Der Jugendschutzbeauftragte – Wer? Wie? Und vor allem: Wann brauche ich einen für meine Website?

Begriffe wie Jugendschutz und Jugendschutzbeauftragter geistern gerade oft im Internet umher, ohne dass man genau weiß, was sich dahinter verbirgt.

Dieser Beitrag soll aufzeigen, was ein Jugendschutzbeauftragter ist, was er machen muss und vor allem, wer überhaupt einen braucht.

Überblick zum Jugendschutz

Der Zweck des Jugendschutzes mit seinen verbindlichen Regelungen soll der Schutz von Kindern und Jugendlichen vor Inhalten sein, die diese in deren Entwicklung oder Erziehung beeinträchtigen oder gefährden können. Ausführlicher liest sich dies in § 1 JMStV:

“Zweck des Staatsvertrages ist der einheitliche Schutz der Kinder und Jugendlichen vor Angeboten in elektronischen Informations- und Kommunikationsmedien, die deren Entwicklung oder Erziehung beeinträchtigen oder gefährden, sowie der Schutz vor solchen Angeboten in elektronischen Informations- und Kommunikationsmedien, die die Menschenwürde oder sonstige durch das Strafgesetzbuch geschützte Rechtsgüter verletzen.”
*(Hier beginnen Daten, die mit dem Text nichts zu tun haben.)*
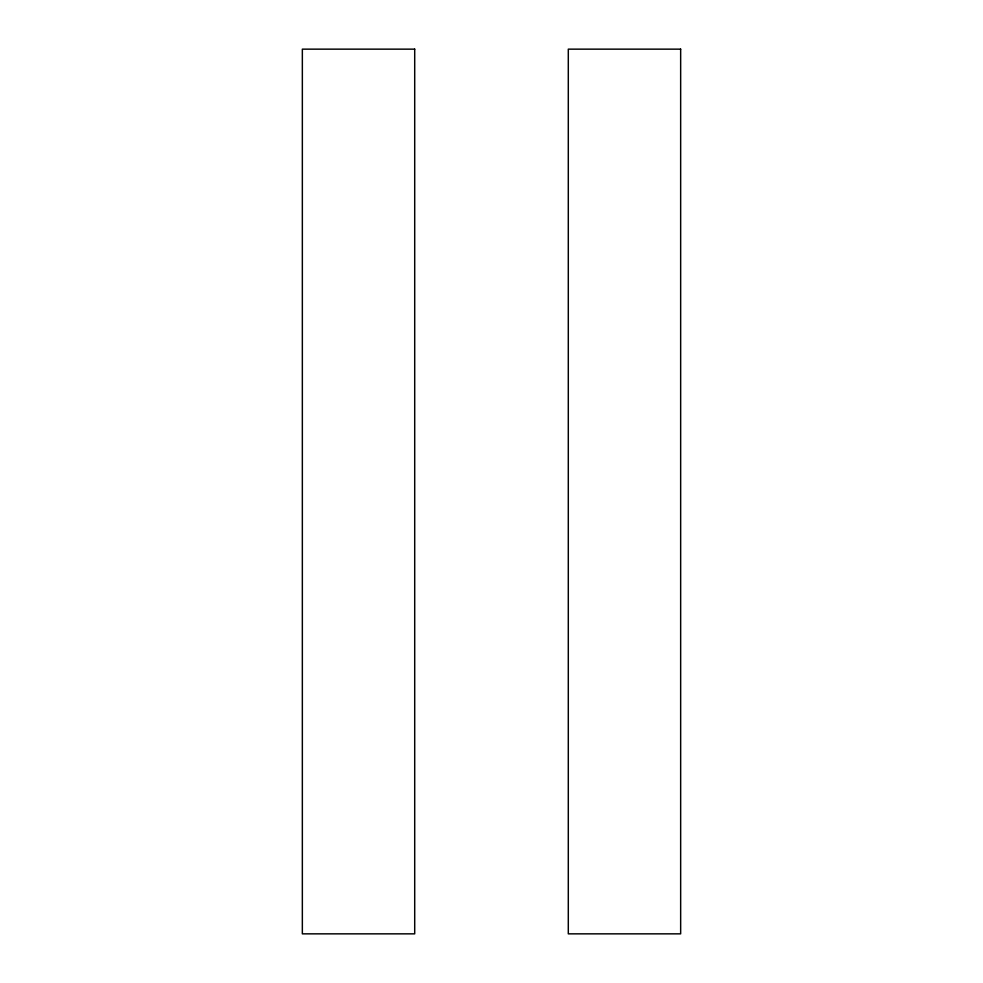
<?xml version="1.0" encoding="UTF-8"?>
<svg xmlns="http://www.w3.org/2000/svg" width="983" height="983" viewBox="0 0 983 983"><rect width="100%" height="100%" fill="white"/><g stroke="black" fill="none" stroke-linecap="round" stroke-linejoin="round"><path stroke-width="1.47" d="M414.703 49.15L302.346 49.15L302.346 933.85L414.703 933.85L414.703 49.15M680.654 49.15L568.297 49.15L568.297 933.85L680.654 933.85L680.654 49.15"/></g></svg>
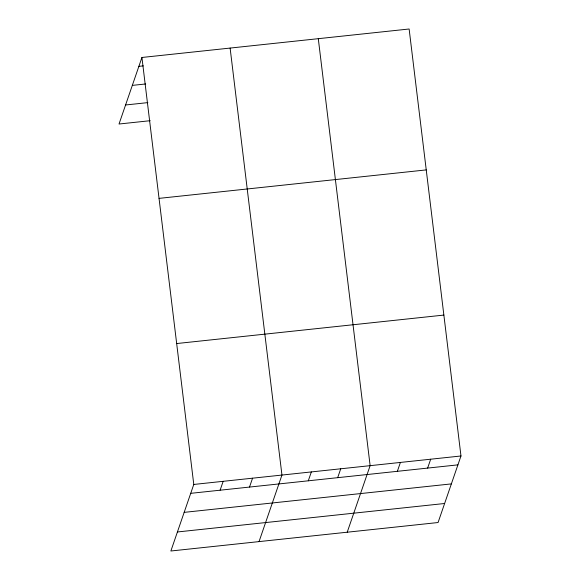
<?xml version="1.0" encoding="UTF-8"?>
<svg xmlns="http://www.w3.org/2000/svg" width="580" height="580" viewBox="0 0 580 580"><rect width="100%" height="100%" fill="white"/><g stroke="black" fill="none" stroke-linecap="round" stroke-linejoin="round"><path stroke-width="0.87" d="M141.933 57.471L193.778 484.452L170.868 551L438.067 522.529L460.977 455.982L409.132 29L141.933 57.471L119.023 124.019L150.198 120.698M220.11 490.201L223.169 481.32M249.501 487.07L252.561 478.188M259.043 541.604L281.952 475.056L230.115 48.075M308.292 480.805L311.344 471.924M337.683 477.673L340.736 468.792M347.217 532.208L370.134 465.66L318.289 38.679M397.358 471.315L400.41 462.434M427.634 468.089L430.693 459.208M138.874 66.352L143.332 65.881M132.327 85.383L145.681 83.962M125.577 104.987L147.842 102.616M159.043 198.374L426.242 169.904M176.668 343.548L443.867 315.078M193.778 484.452L460.977 455.982M190.719 493.334L457.917 464.863M184.172 512.365L451.37 483.894M177.415 531.969L444.613 503.498"/></g></svg>

Bei der Frage, welche Inhalte nun “beeinträchtigen” oder “gefährden” gibt der JMStV in § 4 und § 5 ein dreistufiges System vor. Dort wird unterschieden zwischen “absolut unzulässige Angeboten“, “relativ unzulässige Inhalten” sowie “entwicklungsbeeinträchtigende Angeboten“.

Um diese Unterteilung nachvollziehbarer zu machen, hier einige Fallgruppen der jeweiligen Kategorien.

Danach sind “absolut unzulässige Angebote” unter anderem:

Kriegsverherrlichung; Darstellungen von Kindern oder Jugendlichen in unnatürlich geschlechtsbetonter Körperhaltung; Verstöße gegen die Menschenwürde, insbesondere bei Darstellungen von Menschen, die sterben oder schweren körperlichen oder seelischen Leiden ausgesetzt sind oder waren; Inhalte, die auf der Liste jugendgefährdender Medien stehen (vgl. § 18 JuSchG).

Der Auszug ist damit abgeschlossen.